We are aware that our interpretations are neither absolute nor final. They are dependent on criteria that are never exhaustive, meaning that there are many different methods that can be used to interpret visual representations. Furthermore, we are required to justify interpretation itself as the chosen method for understanding, interpreting and deciphering signs.

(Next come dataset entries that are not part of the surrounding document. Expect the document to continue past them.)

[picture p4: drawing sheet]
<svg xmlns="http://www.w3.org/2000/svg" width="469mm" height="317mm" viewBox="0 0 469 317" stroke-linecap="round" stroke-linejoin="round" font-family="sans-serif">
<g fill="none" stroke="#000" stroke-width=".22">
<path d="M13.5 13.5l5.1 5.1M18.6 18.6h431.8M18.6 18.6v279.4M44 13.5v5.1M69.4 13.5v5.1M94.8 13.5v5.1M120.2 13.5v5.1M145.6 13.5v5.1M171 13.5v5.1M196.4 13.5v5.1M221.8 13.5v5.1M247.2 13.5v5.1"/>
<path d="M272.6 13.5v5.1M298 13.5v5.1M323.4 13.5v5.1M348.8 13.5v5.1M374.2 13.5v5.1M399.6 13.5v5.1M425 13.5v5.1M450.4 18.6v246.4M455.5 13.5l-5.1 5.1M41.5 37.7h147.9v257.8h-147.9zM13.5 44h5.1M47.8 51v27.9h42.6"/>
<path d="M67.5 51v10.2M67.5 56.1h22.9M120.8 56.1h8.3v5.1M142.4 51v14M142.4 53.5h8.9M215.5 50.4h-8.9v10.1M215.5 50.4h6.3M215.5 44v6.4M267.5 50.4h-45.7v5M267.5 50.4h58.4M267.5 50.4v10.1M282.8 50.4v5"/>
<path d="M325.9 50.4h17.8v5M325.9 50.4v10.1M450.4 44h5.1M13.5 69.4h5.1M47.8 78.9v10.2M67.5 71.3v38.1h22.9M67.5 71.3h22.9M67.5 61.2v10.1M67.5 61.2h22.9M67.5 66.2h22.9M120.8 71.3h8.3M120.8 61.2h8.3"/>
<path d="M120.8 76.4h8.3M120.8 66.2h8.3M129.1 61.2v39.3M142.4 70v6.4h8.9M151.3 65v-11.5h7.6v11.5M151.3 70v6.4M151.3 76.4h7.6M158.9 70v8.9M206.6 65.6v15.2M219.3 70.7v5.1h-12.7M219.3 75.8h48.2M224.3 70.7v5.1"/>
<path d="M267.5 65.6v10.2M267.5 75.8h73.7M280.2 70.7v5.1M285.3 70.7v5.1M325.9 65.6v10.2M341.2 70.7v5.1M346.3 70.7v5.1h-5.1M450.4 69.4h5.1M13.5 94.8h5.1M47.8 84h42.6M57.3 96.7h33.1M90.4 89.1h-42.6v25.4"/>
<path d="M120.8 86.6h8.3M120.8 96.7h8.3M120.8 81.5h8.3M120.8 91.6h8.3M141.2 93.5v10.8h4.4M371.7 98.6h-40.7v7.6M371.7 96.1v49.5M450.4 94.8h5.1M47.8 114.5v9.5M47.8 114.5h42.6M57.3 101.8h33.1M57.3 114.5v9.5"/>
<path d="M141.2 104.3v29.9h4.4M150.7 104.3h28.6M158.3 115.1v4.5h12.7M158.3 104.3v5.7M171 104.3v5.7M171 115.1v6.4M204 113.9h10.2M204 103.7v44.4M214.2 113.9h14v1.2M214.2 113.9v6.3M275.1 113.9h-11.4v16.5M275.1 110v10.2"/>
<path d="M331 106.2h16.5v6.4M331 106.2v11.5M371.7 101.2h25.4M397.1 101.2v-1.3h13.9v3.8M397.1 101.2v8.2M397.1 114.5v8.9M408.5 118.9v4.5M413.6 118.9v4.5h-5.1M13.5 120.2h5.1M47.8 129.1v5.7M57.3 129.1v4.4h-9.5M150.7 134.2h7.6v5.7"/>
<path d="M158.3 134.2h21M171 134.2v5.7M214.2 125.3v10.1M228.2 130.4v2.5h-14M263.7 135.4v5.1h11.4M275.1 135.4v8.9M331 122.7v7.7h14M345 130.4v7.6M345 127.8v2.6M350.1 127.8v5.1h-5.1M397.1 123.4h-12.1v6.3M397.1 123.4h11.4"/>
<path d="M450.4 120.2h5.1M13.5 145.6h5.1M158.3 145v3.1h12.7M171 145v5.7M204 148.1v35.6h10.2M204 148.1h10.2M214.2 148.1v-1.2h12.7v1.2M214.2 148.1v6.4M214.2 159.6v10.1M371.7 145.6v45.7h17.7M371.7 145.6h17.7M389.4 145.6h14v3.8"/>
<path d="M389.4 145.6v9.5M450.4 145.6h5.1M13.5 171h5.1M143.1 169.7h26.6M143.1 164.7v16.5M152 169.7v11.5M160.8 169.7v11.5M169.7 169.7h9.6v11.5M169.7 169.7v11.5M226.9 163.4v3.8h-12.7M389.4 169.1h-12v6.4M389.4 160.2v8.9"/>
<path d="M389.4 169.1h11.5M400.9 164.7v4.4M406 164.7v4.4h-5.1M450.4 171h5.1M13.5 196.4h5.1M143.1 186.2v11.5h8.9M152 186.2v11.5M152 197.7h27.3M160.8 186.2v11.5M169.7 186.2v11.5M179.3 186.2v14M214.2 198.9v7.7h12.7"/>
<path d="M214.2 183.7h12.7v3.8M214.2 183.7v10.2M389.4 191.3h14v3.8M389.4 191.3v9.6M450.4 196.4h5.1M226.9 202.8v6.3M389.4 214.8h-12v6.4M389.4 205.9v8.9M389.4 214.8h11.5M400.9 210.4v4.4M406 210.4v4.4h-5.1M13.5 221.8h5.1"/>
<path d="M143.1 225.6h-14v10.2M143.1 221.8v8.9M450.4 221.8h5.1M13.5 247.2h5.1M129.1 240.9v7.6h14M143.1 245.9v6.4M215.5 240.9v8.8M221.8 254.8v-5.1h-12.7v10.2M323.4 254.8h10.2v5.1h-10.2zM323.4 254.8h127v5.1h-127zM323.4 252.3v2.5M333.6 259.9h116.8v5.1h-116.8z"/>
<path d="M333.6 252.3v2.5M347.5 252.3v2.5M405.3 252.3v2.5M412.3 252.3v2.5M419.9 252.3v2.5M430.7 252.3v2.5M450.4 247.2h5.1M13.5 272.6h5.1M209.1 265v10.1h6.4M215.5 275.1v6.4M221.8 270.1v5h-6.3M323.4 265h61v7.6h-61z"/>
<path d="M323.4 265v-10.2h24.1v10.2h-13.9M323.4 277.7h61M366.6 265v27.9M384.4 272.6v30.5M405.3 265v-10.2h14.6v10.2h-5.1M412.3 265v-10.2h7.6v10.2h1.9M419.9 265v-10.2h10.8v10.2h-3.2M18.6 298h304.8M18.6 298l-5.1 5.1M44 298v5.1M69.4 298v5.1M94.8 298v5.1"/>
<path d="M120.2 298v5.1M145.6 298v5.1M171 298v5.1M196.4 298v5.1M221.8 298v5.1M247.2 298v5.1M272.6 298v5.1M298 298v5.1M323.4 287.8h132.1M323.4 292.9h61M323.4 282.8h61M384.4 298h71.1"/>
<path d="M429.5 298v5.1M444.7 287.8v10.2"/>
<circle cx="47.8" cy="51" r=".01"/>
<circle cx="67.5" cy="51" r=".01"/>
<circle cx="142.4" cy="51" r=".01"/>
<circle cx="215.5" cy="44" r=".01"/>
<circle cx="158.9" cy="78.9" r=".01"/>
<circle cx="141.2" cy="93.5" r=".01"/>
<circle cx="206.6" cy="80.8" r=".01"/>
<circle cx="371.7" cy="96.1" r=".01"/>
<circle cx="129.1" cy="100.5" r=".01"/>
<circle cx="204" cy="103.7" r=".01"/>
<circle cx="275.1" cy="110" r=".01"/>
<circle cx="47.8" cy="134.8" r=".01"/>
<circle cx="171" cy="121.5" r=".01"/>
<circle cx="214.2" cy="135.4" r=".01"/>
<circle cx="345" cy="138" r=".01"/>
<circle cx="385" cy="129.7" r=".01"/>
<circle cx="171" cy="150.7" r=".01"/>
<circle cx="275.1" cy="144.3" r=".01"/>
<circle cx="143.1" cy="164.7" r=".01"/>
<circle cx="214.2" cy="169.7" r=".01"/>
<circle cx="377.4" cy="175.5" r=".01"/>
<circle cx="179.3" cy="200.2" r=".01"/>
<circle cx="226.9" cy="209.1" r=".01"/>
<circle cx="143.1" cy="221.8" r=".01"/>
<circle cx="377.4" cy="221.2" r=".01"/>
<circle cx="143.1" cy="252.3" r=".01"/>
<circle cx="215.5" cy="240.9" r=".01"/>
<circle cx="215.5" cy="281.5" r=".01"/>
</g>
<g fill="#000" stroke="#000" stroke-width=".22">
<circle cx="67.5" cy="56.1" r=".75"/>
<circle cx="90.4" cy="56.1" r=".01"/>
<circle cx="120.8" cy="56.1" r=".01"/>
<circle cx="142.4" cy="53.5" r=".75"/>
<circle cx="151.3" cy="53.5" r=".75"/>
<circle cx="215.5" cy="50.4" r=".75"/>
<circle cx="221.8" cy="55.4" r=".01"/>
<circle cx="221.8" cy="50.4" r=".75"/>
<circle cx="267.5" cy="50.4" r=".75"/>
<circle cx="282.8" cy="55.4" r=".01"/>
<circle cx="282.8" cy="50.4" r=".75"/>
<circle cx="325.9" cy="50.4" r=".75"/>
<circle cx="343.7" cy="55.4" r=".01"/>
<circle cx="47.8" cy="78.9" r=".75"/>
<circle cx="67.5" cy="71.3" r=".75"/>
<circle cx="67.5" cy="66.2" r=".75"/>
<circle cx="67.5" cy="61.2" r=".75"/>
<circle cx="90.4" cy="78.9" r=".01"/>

This article presents a pedagogical outline of a lesson on the intersection of Renaissance art and ultrasonography, in which non-randomized groups of students are introduced to interpreting painted images in a way that engages them in “imaging” exercises. A weakness of this study is that, despite its length, the lesson is too short to measure the effectiveness of this teaching method. More groups who undergo artwork and medical images interpretation should be involved, and the students’ decision-making abilities should be tested using patient case studies pre and post intervention in the form of an OSCE (Objective Structured Clinical Examination) or another type of evaluation.